» What the task asks
In the records below, begin at the line that has "doc.layers.add(name, color=color, linetype=linetype)" and stop after the line that has "829869.87), (681419.24, 829843.71)])"; quote those lines verbatim and nothing more.

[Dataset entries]
______________________________
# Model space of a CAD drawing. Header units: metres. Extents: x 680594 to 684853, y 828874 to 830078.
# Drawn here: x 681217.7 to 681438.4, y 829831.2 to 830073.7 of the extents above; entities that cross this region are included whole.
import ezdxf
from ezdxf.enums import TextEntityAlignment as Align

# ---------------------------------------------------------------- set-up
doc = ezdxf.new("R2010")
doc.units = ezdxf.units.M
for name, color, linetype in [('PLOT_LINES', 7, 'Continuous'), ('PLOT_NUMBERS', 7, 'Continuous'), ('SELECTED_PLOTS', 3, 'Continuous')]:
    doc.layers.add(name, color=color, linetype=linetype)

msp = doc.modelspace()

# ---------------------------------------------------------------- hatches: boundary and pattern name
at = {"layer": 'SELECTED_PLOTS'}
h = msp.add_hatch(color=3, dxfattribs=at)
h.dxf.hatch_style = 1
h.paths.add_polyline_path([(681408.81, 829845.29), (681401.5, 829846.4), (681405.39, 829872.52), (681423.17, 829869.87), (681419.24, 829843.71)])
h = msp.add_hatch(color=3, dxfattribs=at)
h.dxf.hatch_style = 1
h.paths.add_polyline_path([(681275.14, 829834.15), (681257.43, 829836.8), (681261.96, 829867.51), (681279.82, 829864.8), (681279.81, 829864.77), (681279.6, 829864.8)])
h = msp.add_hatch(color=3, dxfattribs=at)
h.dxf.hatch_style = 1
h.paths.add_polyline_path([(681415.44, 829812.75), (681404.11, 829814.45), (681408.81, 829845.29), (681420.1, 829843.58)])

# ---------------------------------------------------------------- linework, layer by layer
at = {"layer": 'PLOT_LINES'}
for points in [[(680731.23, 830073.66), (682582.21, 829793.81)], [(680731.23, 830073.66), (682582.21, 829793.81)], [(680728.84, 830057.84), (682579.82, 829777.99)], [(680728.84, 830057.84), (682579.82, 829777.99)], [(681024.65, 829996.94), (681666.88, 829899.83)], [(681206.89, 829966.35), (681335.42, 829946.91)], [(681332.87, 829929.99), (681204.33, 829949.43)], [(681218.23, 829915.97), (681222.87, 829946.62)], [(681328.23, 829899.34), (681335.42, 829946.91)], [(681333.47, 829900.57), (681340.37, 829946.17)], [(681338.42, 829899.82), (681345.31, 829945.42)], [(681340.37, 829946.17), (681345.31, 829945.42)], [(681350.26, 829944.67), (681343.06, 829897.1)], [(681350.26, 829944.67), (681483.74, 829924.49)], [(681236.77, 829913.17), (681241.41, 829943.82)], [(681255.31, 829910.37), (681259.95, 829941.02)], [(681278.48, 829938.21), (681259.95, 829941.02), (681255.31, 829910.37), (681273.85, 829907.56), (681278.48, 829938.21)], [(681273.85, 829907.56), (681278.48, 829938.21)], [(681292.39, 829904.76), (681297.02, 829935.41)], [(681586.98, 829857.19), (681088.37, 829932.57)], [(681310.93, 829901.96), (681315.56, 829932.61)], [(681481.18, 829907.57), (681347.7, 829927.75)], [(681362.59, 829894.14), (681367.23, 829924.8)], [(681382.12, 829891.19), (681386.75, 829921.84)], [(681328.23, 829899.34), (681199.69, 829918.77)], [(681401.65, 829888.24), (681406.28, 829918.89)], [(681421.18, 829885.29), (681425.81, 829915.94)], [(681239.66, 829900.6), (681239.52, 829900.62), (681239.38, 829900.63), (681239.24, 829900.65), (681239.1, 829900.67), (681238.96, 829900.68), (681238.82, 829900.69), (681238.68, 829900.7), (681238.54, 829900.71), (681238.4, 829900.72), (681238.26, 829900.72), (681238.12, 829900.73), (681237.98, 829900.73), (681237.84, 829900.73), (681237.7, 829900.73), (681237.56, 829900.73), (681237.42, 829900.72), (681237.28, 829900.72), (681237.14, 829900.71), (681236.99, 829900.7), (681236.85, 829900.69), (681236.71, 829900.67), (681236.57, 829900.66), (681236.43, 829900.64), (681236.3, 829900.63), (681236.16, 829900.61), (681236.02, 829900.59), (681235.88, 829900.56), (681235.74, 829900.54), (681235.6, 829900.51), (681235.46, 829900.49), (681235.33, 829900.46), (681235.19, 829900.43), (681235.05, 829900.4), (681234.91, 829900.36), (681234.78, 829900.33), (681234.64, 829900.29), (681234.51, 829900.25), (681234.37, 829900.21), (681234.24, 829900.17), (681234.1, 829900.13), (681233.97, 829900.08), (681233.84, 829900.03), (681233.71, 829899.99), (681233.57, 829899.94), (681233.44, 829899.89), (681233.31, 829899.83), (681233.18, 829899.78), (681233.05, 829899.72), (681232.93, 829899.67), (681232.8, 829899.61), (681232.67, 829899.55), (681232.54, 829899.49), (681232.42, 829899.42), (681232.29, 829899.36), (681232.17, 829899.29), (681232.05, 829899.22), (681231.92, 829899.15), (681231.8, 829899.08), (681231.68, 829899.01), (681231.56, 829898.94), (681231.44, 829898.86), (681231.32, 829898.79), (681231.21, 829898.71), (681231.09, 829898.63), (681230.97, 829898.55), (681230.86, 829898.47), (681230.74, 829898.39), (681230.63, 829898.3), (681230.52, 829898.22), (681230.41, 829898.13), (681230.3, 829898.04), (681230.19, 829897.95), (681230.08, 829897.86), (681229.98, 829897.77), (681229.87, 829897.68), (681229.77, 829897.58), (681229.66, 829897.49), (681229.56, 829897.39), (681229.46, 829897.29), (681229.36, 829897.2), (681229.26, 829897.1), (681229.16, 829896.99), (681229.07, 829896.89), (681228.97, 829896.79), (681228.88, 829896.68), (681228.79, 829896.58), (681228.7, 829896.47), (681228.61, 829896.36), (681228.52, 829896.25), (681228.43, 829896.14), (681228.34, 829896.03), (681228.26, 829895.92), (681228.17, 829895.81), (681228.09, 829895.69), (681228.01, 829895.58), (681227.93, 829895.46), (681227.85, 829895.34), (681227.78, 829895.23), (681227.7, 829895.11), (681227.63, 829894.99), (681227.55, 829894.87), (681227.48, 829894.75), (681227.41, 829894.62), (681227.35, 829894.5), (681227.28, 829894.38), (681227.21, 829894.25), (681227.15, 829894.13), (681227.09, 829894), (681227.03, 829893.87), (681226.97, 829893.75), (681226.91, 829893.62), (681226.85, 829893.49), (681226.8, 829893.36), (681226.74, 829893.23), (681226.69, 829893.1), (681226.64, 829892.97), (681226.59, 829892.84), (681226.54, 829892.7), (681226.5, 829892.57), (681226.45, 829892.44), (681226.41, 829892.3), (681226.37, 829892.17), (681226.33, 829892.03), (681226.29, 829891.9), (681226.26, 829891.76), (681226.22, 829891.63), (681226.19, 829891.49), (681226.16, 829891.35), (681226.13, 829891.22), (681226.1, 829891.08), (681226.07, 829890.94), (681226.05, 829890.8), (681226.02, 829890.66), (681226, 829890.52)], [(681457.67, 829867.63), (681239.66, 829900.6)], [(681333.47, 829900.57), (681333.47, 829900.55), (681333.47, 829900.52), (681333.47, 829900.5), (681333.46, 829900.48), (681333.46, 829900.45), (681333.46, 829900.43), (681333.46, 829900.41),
______________________________
» Written answer
    doc.layers.add(name, color=color, linetype=linetype)

msp = doc.modelspace()

# ---------------------------------------------------------------- hatches: boundary and pattern name
at = {"layer": 'SELECTED_PLOTS'}
h = msp.add_hatch(color=3, dxfattribs=at)
h.dxf.hatch_style = 1
h.paths.add_polyline_path([(681408.81, 829845.29), (681401.5, 829846.4), (681405.39, 829872.52), (681423.17, 829869.87), (681419.24, 829843.71)])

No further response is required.